Target reboots during driver debug

tns1,

You've quite rightly deduced that if you have a rogue device driver debugging can be tricky. Your options are breakpoints or if you want hardware trace it's available from First Silicon Solutions http://www.fs2.com/ (http://www.fs2.com/)

One of the docs says limited on-chip address trace should be available to me without an additional license. If so, has anyone used this?

Other debuggers have features like stack unwinding, stack limits checking. Any of this available to me?

I see in the default link/init, registers are defaulted to 0xdeadbeef and the data areas are randomly sprinkled with these markers. Is there any reasoning or description telling me where these were placed?

What does the debug level setting -g3 do for me. I did not see any difference.

thanks

Hello tns1,

Trace is available without an additional license from FS2 for 16 frames of trace data. Several instructions are packed into the bits of each trace frame, resulting in a few dozen instructions worth of trace from these 16 trace buffers. You also get 2 data breakpoints and 2 instruction breakpoints without an additional license. You can use these breakpoints with an event of turning on or off trace, thereby targeting those few dozen instructions worth of trace information right where you want them.

I think your guess of a wild pointer is probably accurate. The most common problem I have seen with ethernet drivers and the lwIP stack is a stack overflow. Such an overflow may be causing a jump to zero, and if your reset address is located at zero, this could make a symptom of stack overflow look like a reset of the board. This is common because any task which uses sockets must be created by the lwIP sys_thread_new instead of OSTaskCreate, and sys_thread_new only allocates 2048 bytes per task. Any call to an RTL function, including printf, consumes almost 1000 bytes of stack space, which is half of your task stack right there. One customer who I helped had identical symptoms, but had all of his printf statements wrapped with a# define for DEBUGGING. After turning off hi DEBUGGING macro, and therefore eliminating all of his calls to printf from with any tasks, incluing those using sockets, his ethernet driver worked fine.

You can modify the stack space created for each sys_thread_new call by modifying this function's definition.
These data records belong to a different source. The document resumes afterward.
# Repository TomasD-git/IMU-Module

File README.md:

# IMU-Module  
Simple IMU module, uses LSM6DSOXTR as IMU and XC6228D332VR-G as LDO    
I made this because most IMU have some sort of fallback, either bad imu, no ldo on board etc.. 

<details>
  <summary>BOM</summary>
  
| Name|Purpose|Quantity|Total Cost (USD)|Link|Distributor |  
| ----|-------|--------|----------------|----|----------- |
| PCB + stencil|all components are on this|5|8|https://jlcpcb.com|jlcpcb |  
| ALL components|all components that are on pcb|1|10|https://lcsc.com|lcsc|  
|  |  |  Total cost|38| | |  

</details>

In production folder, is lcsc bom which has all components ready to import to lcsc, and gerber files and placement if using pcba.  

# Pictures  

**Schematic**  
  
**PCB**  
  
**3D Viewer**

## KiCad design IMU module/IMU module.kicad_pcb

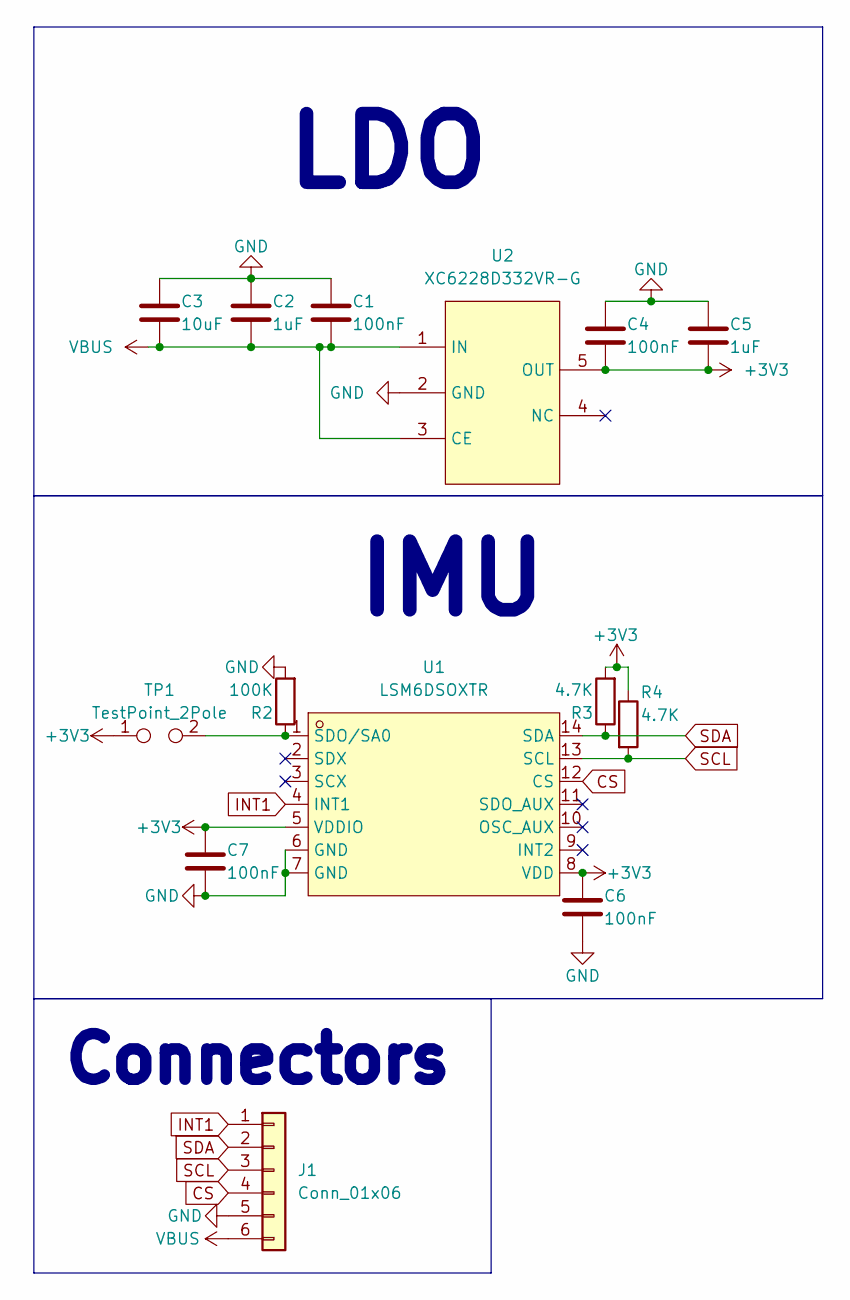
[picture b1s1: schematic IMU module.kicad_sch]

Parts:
C1, C4, C6, C7: 100nF; C_0402_1005Metric
C2, C5: 1uF; C_0603_1608Metric
C3: 10uF; C_0805_2012Metric
J1: Conn_01x06; PinHeader_1x06_P2.54mm_Vertical
R2: 100K; R_0603_1608Metric
R3, R4: 4.7K; R_0402_1005Metric
TP1: TestPoint_2Pole; SolderJumper-2_P1.3mm_Open_TrianglePad1.0x1.5mm
U1: LSM6DSOXTR; LGA-14L_L3.0-W2.5-P0.50-TL; MPN LSM6DSOXTR; LCSC Part C481766
U2: XC6228D332VR-G; SOT-25-5_L3.0-W1.8-P0.95-LS3.0-BR; MPN XC6228D332VR-G; LCSC Part C69841

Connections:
+3V3: C4.2, C5.2, C6.1, C7.1, R3.2, R4.1, TP1.1, U1.5 (VDDIO), U1.8 (VDD), U2.5 (OUT)
CS: J1.4, U1.12 (CS)
GND: C1.1, C2.1, C3.1, C4.1, C5.1, C6.2, C7.2, J1.5, R2.2, U1.6 (GND), U1.7 (GND), U2.2 (GND)
INT1: J1.1, U1.4 (INT1)
unnamed: R2.1, TP1.2, U1.1 (SDO/SA0)
SCL: J1.3, R4.2, U1.13 (SCL)
SDA: J1.2, R3.1, U1.14 (SDA)
VBUS: C1.2, C2.2, C3.2, J1.6, U2.1 (IN), U2.3 (CE)

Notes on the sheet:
LDO
Connectors
IMU

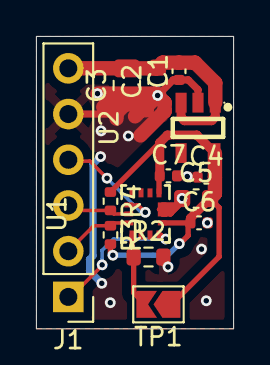
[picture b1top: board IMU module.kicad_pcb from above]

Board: 2 copper layers, 11.0 x 16.2 mm, 14 parts (0 on the bottom side), 8 nets.

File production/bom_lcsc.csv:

Designator,Footprint,Quantity,Value,LCSC Part #
"C1, C4, C6, C7",0402,4,100nF,C152814
"C2, C5",0603,2,1uF,C519560
C3,0805,1,10uF,C5137471
J1,PinHeader_1x06_P2.54mm_Vertical,1,Conn_01x06,
R2,0603,1,100K,C2907088
"R3, R4",0402,2,4.7K,C48392572
TP1,SolderJumper-2_P1.3mm_Open_TrianglePad1.0x1.5mm,1,TestPoint_2Pole,
U1,LGA-14L_L3.0-W2.5-P0.50-TL,1,LSM6DSOXTR,C481766
U2,SOT-25-5_L3.0-W1.8-P0.95-LS3.0-BR,1,XC6228D332VR-G,C69841

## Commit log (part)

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2026-06-23 added files
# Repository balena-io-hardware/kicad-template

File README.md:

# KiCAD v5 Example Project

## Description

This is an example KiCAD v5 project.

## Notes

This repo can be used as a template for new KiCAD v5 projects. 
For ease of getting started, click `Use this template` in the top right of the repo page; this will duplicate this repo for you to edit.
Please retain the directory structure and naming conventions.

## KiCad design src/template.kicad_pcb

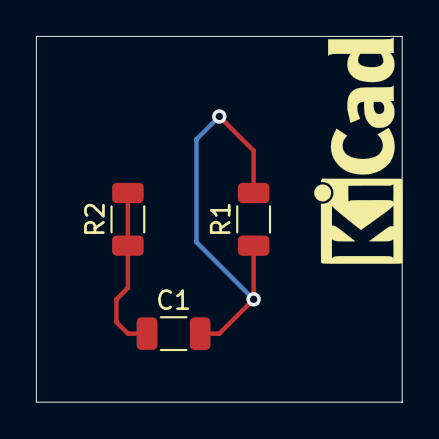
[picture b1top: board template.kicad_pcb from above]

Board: 2 copper layers, 20.3 x 20.3 mm, 4 parts (0 on the bottom side), 2 nets.

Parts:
C1: C; C_1206_3216Metric
LOGO1: Logo_Open_Hardware_Large; KiCad-Logo_5mm_SilkScreen
R1, R2: 100; R_1206_3216Metric

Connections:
unnamed: C1.1, R2.1, R2.2
unnamed: C1.2, R1.1, R1.2

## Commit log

2021-01-13 Initial release of KiCAD v5 template
    Change-type: major

This source code is located in the Nios II Device Drivers project, under the lwip component.

You can use FS2 data breakpoints to watch for stack overflow. Step into the sys_thread_new function calls, which calls OSTaskCreate, in order to find the address which is passed to the OSTaskCreate calls as the stack address parameter. Then set your FS2 data breakpoints to watch for any writes to the end of that stack, and you can catch your stack overflow.

By the way, the FS2 interface has been improved for Nios version 1.01, and is well worth downloading, installing, and recreating your projects under the new version (remember to uninstall Nios 1.0 first).

Hi,

I had a similar problem. My device (1S80) did sometimes not boot from internal memory. When we (an ALTERA FAE and me) were debugging the stuff we saw, that the NIOS did jump back to the reset vector when the JTAG UART driver registered it's interrupt.

Finally, ALTERA found out that there is a problem within the linker script.

We had to add just a line to fix the aligment of the code. See the example below. After this it was working fine!

According to ALTERA there will be a fix in the next release.

I hope this helps.

.rodata :

{

. = ALIGN(32 / 8);

*(.rodata .rodata.* .gnu.linkonce.r.*)

*(.rodata1)

-- Added line!!!!

. = ALIGN(32 / 8);

} > onchip_rom

.rwdata : AT (LOADADDR(.rodata) + SIZEOF (.rodata))

{

…..

Great info.

I wish I had read these posts a few days ago. I did find the bug, but not by any special deduction or technique. Earlier, my rx isr was not getting called. I had placed a printf there as a debug aid. It was this printf that led to the reboot/reset. The actual sequence of events is unclear, and tracing thru uCos, the isr handler and the jtag uart code is all quite convoluted. I can reason that it was a stack/buffer overflow, since a full print buffer alone should just cause everything to lock without a reset. I'll try out the trace when I get a chance.